▸ **DATA**
[Start of Attachment]

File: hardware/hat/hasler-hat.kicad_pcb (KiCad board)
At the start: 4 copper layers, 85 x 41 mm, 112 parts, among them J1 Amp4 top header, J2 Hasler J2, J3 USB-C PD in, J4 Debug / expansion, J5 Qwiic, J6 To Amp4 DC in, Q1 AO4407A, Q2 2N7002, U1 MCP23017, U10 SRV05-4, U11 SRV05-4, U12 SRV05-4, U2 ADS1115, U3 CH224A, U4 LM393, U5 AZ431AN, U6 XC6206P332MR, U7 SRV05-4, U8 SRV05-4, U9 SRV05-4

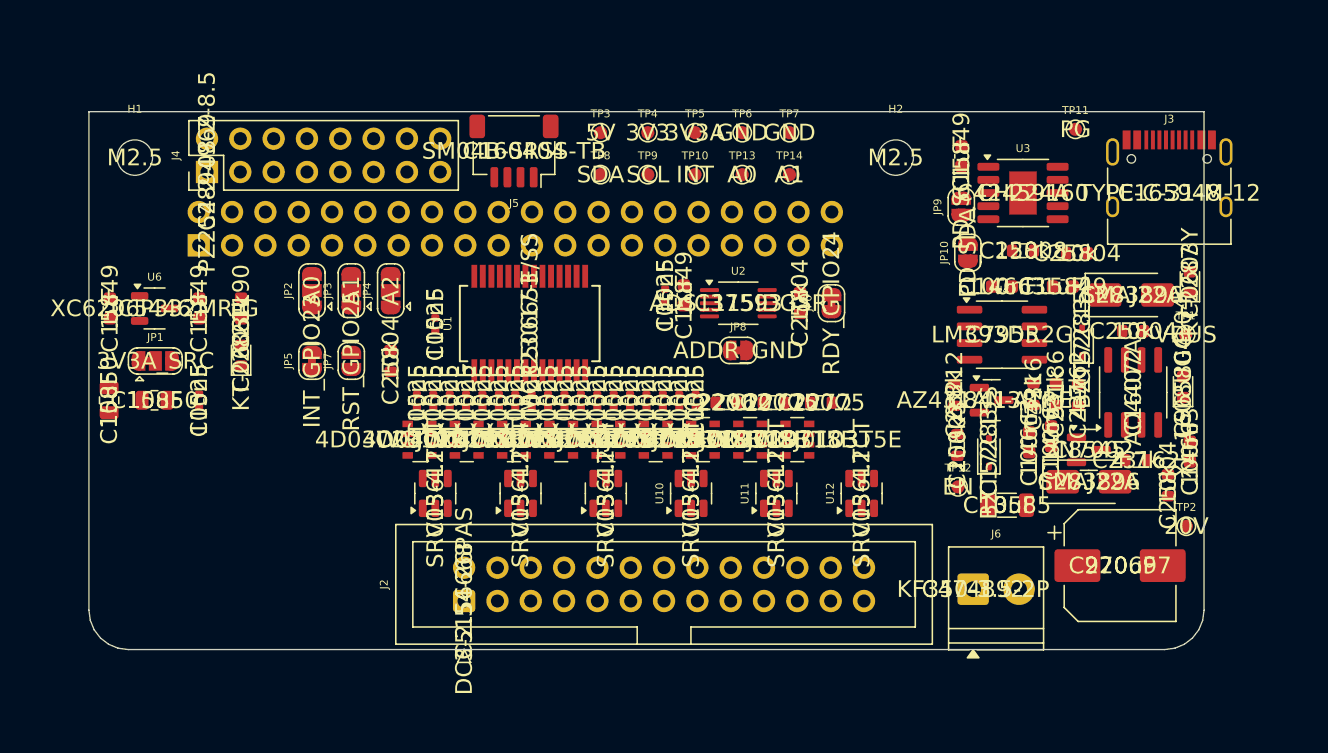
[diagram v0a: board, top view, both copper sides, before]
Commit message: HAT: 85 mm board, power column placement, net classes, fab script, ordering note
Co-Authored-By: Claude Opus 5.5 <noreply@anthropic.com>
Claude-Session: https://claude.ai/code/session_014wovV18Ypx4LXt9k8BSCRk
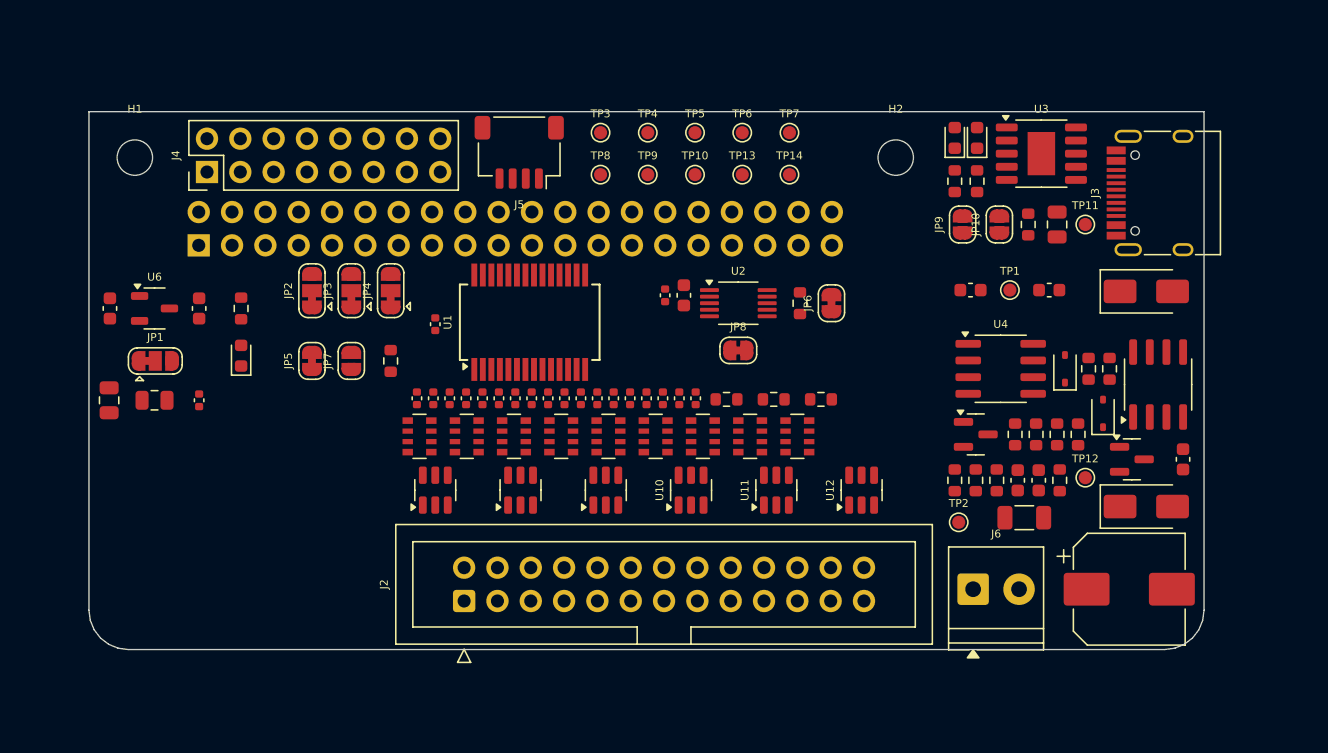
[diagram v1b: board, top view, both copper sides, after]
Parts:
- added R14: 10k, Resistor_SMD:R_0603_1608Metric, F.Cu at (173.8, 124.6)
- added R15: 4.7k, Resistor_SMD:R_0603_1608Metric, F.Cu at (169.2, 128.1)
- added R16: 1M, Resistor_SMD:R_0603_1608Metric, F.Cu at (175.4, 124.6)
- C1: footprint Capacitor_SMD:C_0603_1608Metric -> Capacitor_SMD:C_0805_2012Metric
- C3, C4: value 100nF -> 1nF
- R5: value 5.1k -> 33k
- R6: value 4.7k -> 5.1k
- R8: value 4.7k -> 2.2k
- R9: value 10k -> 4.7k
- moved R10 27.4 mm to (167.7, 105.3)
- moved D6 24.6 mm to (167.7, 102.0)
- moved D2 21.0 mm to (166.0, 102.0)
- moved TP2 17.4 mm to (166.3, 131.3)
- moved TP1 13.8 mm to (170.2, 113.6)
- moved R2 10.8 mm to (166.0, 105.3), turned to 90 degrees
- moved R6 10.2 mm to (167.6, 128.1)
- moved R5 10.1 mm to (166.0, 128.1)
- moved TP12 9.73 mm to (175.9, 127.9)
- moved D3 9.20 mm to (177.3, 123.0)
- moved C1 8.95 mm to (173.8, 108.6)
- moved R7 8.25 mm to (174.0, 128.1)
- moved TP11 7.29 mm to (175.9, 108.6)
- moved R8 7.26 mm to (177.8, 119.6), turned to 90 degrees
- moved R3 5.51 mm to (170.6, 124.6)
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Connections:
- R5 pad 1: DIV_UV -> VBUS
- R5 pad 2: DIV_OV -> DIV_OVT
- R6 pad 1: DIV_OV -> DIV_OVT
- R6 pad 2: GND -> DIV_OV
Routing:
- added copper zone on In1.Cu, net GND

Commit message: HAT: complete routing - GND fan-out before routing, pre-routed power paths, VOUT trunk, notch for the Amp4 cap, gap closer; pull-ups to the cabinet side
Co-Authored-By: Claude Opus 5.5 <noreply@anthropic.com>
Claude-Session: https://claude.ai/code/session_014wovV18Ypx4LXt9k8BSCRk
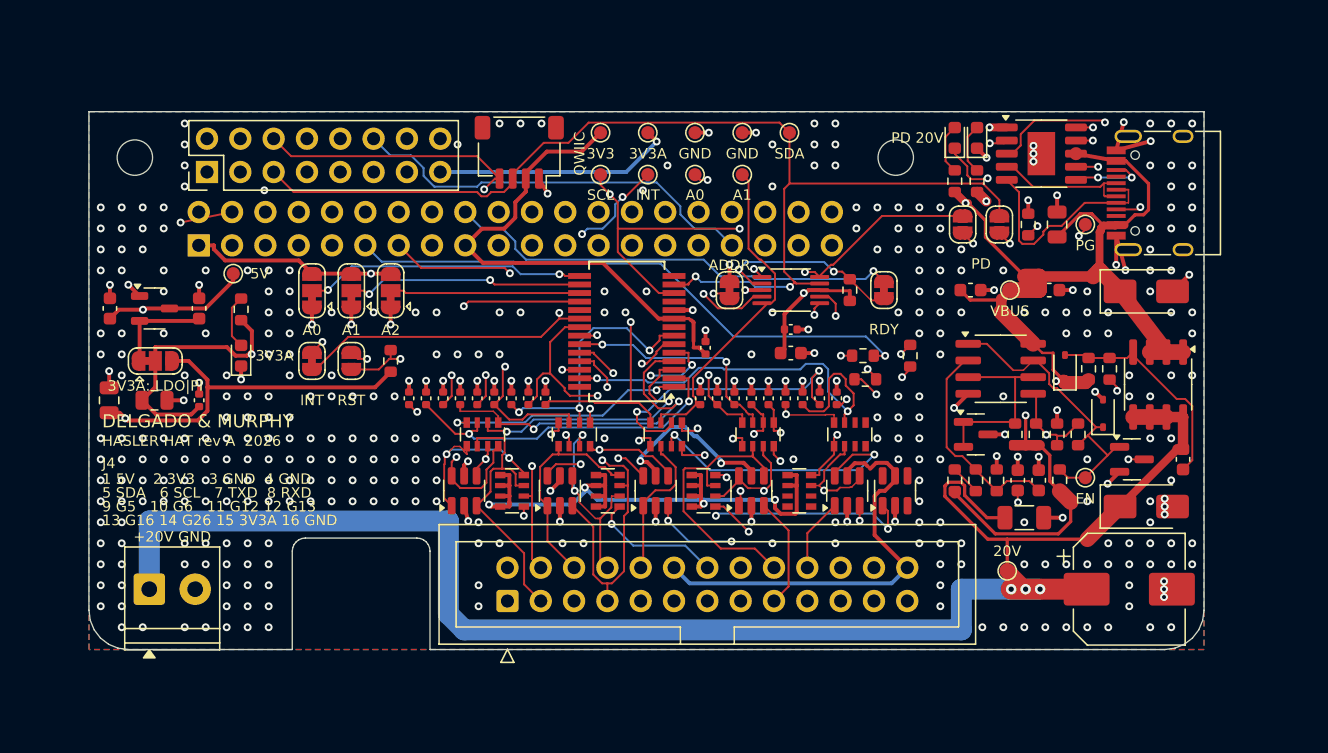
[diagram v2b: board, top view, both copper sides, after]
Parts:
- moved J6 62.8 mm to (104.6, 136.4)
- moved TP3 30.0 mm to (111.0, 112.3)
- moved RN4 22.0 mm to (158.0, 124.6), turned to 90 degrees
- moved C14 20.7 mm to (147.0, 118.0)
- moved RN3 18.6 mm to (151.0, 124.6), turned to 90 degrees
- moved TP8 14.8 mm to (153.4, 101.6)
- moved C33 13.2 mm to (154.4, 121.8)
- moved C32 13.1 mm to (153.1, 121.8)
- moved C31 13.1 mm to (151.8, 121.8)
- moved C30 13.0 mm to (150.5, 121.8)
- moved C29 12.9 mm to (149.2, 121.8)
- moved C28 12.9 mm to (147.9, 121.8)
- moved RN6 11.7 mm to (132.2, 128.9)
- moved R20 10.9 mm to (159.0, 118.6)
- moved C37 10.8 mm to (157.0, 121.8)
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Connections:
- net +3V3 renamed /+3V3
- net +5V renamed /+5V
- net 3V3A renamed /3V3A
- net ADS_ADDR renamed /ADS_ADDR
- net ADS_RDY renamed /ADS_RDY
- net CC1 renamed /CC1
- net CC2 renamed /CC2
- net DIV_OV renamed /DIV_OV
- net DIV_OVT renamed /DIV_OVT
- net DIV_UV renamed /DIV_UV
- net EN renamed /EN
- net GATE_PULL renamed /GATE_PULL
- net GND renamed /GND
- net GPIO12 renamed /GPIO12
- net GPIO13 renamed /GPIO13
- net GPIO16 renamed /GPIO16
- net GPIO17 renamed /GPIO17
- net GPIO22 renamed /GPIO22
- net GPIO23 renamed /GPIO23
- net GPIO24 renamed /GPIO24
- net GPIO25 renamed /GPIO25
- net GPIO26 renamed /GPIO26
- net GPIO27 renamed /GPIO27
- net GPIO5 renamed /GPIO5
- net GPIO6 renamed /GPIO6
- net J_LB renamed /J_LB
- net J_LG renamed /J_LG
- net J_LR renamed /J_LR
- net LDO_OUT renamed /LDO_OUT
- net LED_3V3 renamed /LED_3V3
- net LED_OUT renamed /LED_OUT
- net LED_PD renamed /LED_PD
- net MCP_A0 renamed /MCP_A0
- net MCP_A1 renamed /MCP_A1
- net MCP_A2 renamed /MCP_A2
- net MCP_INTA renamed /MCP_INTA
- net MCP_RST renamed /MCP_RST
- net PD_CFG1 renamed /PD_CFG1
- net PD_PG renamed /PD_PG
- net PD_SCL renamed /PD_SCL
- net PD_SDA renamed /PD_SDA
- net PGATE renamed /PGATE
- net RXD renamed /RXD
- net SCL renamed /SCL
- net SDA renamed /SDA
- net TXD renamed /TXD
- net USB_DM renamed /USB_DM
- net USB_DP renamed /USB_DP
- net VBUS renamed /VBUS
- net VOUT renamed /VOUT
- net VREF renamed /VREF
- C20 pad 1: M_K1 -> /M_K1
- C21 pad 1: M_K2 -> /M_K2
- C22 pad 1: M_K3 -> /M_K3
- C23 pad 1: M_K4 -> /M_K4
- C24 pad 1: M_K5 -> /M_K5
- C25 pad 1: M_K6 -> /M_K6
- C26 pad 1: M_PU -> /M_PU
- C27 pad 1: M_A0 -> /M_TSW
- C28 pad 1: M_A1 -> /M_X1
- C29 pad 1: M_TSW -> /M_X2
- C30 pad 1: M_X1 -> /M_X3
- C31 pad 1: M_X2 -> /M_X4
- C32 pad 1: M_X3 -> /M_X5
- C33 pad 1: M_X4 -> /M_X6
- C34 pad 1: M_X5 -> /M_A0
- C35 pad 1: M_X6 -> /M_A1
- C36 pad 1: M_A2 -> /M_A2
- C37 pad 1: M_A3 -> /M_A3
- J1 pad 12: (no net) -> unconnected-(J1-Pin_12-Pad12)
- J1 pad 19: (no net) -> unconnected-(J1-Pin_19-Pad19)
- J1 pad 21: (no net) -> unconnected-(J1-Pin_21-Pad21)
- J1 pad 23: (no net) -> unconnected-(J1-Pin_23-Pad23)
- J1 pad 24: (no net) -> unconnected-(J1-Pin_24-Pad24)
- J1 pad 26: (no net) -> unconnected-(J1-Pin_26-Pad26)
- J1 pad 27: (no net) -> unconnected-(J1-Pin_27-Pad27)
- J1 pad 28: (no net) -> unconnected-(J1-Pin_28-Pad28)
- J1 pad 35: (no net) -> unconnected-(J1-Pin_35-Pad35)
- J1 pad 38: (no net) -> unconnected-(J1-Pin_38-Pad38)
- J1 pad 40: (no net) -> unconnected-(J1-Pin_40-Pad40)
- J1 pad 7: (no net) -> unconnected-(J1-Pin_7-Pad7)
- J2 pad 1: J_K1 -> /J_K1
- J2 pad 10: J_A1 -> /J_A1
- J2 pad 14: J_TSW -> /J_TSW
- J2 pad 17: J_X1 -> /J_X1
- J2 pad 18: J_X2 -> /J_X2
- J2 pad 19: J_X3 -> /J_X3
- J2 pad 20: J_X4 -> /J_X4
- J2 pad 21: J_X5 -> /J_X5
- J2 pad 22: J_X6 -> /J_X6
- J2 pad 23: J_A2 -> /J_A2
- J2 pad 25: J_A3 -> /J_A3
- J2 pad 3: J_K2 -> /J_K2
- J2 pad 4: J_K3 -> /J_K3
- J2 pad 5: J_K4 -> /J_K4
- J2 pad 6: J_K5 -> /J_K5
- J2 pad 7: J_K6 -> /J_K6
- J2 pad 8: J_PU -> /J_PU
- J2 pad 9: J_A0 -> /J_A0
- J3 pad A8: (no net) -> unconnected-(J3-SBU1-PadA8)
- J3 pad B8: (no net) -> unconnected-(J3-SBU2-PadB8)
- RN1 pad 1: J_K1 -> /J_K1
- RN1 pad 2: J_K2 -> /J_K2
- RN1 pad 3: J_K3 -> /J_K3
- RN1 pad 4: J_K4 -> /J_K4
- RN1 pad 5: M_K4 -> /M_K4
- RN1 pad 6: M_K3 -> /M_K3
- RN1 pad 7: M_K2 -> /M_K2
- RN1 pad 8: M_K1 -> /M_K1
- RN2 pad 1: J_K5 -> /J_K5
- RN2 pad 2: J_K6 -> /J_K6
- RN2 pad 3: J_PU -> /J_PU
- RN2 pad 4: J_A0 -> /J_TSW
- RN2 pad 5: M_A0 -> /M_TSW
- RN2 pad 6: M_PU -> /M_PU
- RN2 pad 7: M_K6 -> /M_K6
- RN2 pad 8: M_K5 -> /M_K5
- RN3 pad 1: J_A1 -> /J_X1
- RN3 pad 2: J_TSW -> /J_X2
- RN3 pad 3: J_X1 -> /J_X3
- RN3 pad 4: J_X2 -> /J_X4
- RN3 pad 5: M_X2 -> /M_X4
- RN3 pad 6: M_X1 -> /M_X3
- RN3 pad 7: M_TSW -> /M_X2
- RN3 pad 8: M_A1 -> /M_X1
- RN4 pad 1: J_X3 -> /J_X5
- RN4 pad 2: J_X4 -> /J_X6
- RN4 pad 3: J_X5 -> unconnected-(RN4-R3.1-Pad3)
- RN4 pad 4: J_X6 -> unconnected-(RN4-R4.1-Pad4)
- RN4 pad 5: M_X6 -> unconnected-(RN4-R4.2-Pad5)
- RN4 pad 6: M_X5 -> unconnected-(RN4-R3.2-Pad6)
- RN4 pad 7: M_X4 -> /M_X6
- RN4 pad 8: M_X3 -> /M_X5
- RN5 pad 1: J_A2 -> /J_A0
- RN5 pad 2: J_A3 -> /J_A1
- RN5 pad 3: (no net) -> /J_A2
- RN5 pad 4: (no net) -> /J_A3
- RN5 pad 5: (no net) -> /M_A3
- RN5 pad 6: (no net) -> /M_A2
- RN5 pad 7: M_A3 -> /M_A1
- RN5 pad 8: M_A2 -> /M_A0
- RN6 pad 5: M_K4 -> /J_K4
- RN6 pad 6: M_K3 -> /J_K3
- RN6 pad 7: M_K2 -> /J_K2
- RN6 pad 8: M_K1 -> /J_K1
- RN7 pad 5: M_TSW -> /J_TSW
- RN7 pad 6: M_PU -> /J_PU
- RN7 pad 7: M_K6 -> /J_K6
- RN7 pad 8: M_K5 -> /J_K5
- RN8 pad 5: M_X4 -> /J_X4
- RN8 pad 6: M_X3 -> /J_X3
- RN8 pad 7: M_X2 -> /J_X2
- RN8 pad 8: M_X1 -> /J_X1
- RN9 pad 3: (no net) -> unconnected-(RN9-R3.1-Pad3)
- RN9 pad 4: (no net) -> unconnected-(RN9-R4.1-Pad4)
- RN9 pad 5: (no net) -> unconnected-(RN9-R4.2-Pad5)
- RN9 pad 6: (no net) -> unconnected-(RN9-R3.2-Pad6)
- RN9 pad 7: M_X6 -> /J_X6
- RN9 pad 8: M_X5 -> /J_X5
- TP13 pad 1: M_A0 -> /M_A0
- TP14 pad 1: M_A1 -> /M_A1
- U1 pad 1: M_K1 -> /M_K1
- U1 pad 11: (no net) -> unconnected-(U1-NC-Pad11)
- U1 pad 14: (no net) -> unconnected-(U1-NC-Pad14)
- U1 pad 19: (no net) -> unconnected-(U1-INTB-Pad19)
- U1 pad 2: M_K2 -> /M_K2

[End of Attachment]

From the records above, print only the lines between the one holding "- moved D2 21.0 mm to (166.0, 102.0)" and the one holding "- moved TP11 7.29 mm to (175.9, 108.6)", inclusive, exactly as they stand.

▸ **REPLY TO THE EXERCISE**
- moved D2 21.0 mm to (166.0, 102.0)
- moved TP2 17.4 mm to (166.3, 131.3)
- moved TP1 13.8 mm to (170.2, 113.6)
- moved R2 10.8 mm to (166.0, 105.3), turned to 90 degrees
- moved R6 10.2 mm to (167.6, 128.1)
- moved R5 10.1 mm to (166.0, 128.1)
- moved TP12 9.73 mm to (175.9, 127.9)
- moved D3 9.20 mm to (177.3, 123.0)
- moved C1 8.95 mm to (173.8, 108.6)
- moved R7 8.25 mm to (174.0, 128.1)
- moved TP11 7.29 mm to (175.9, 108.6)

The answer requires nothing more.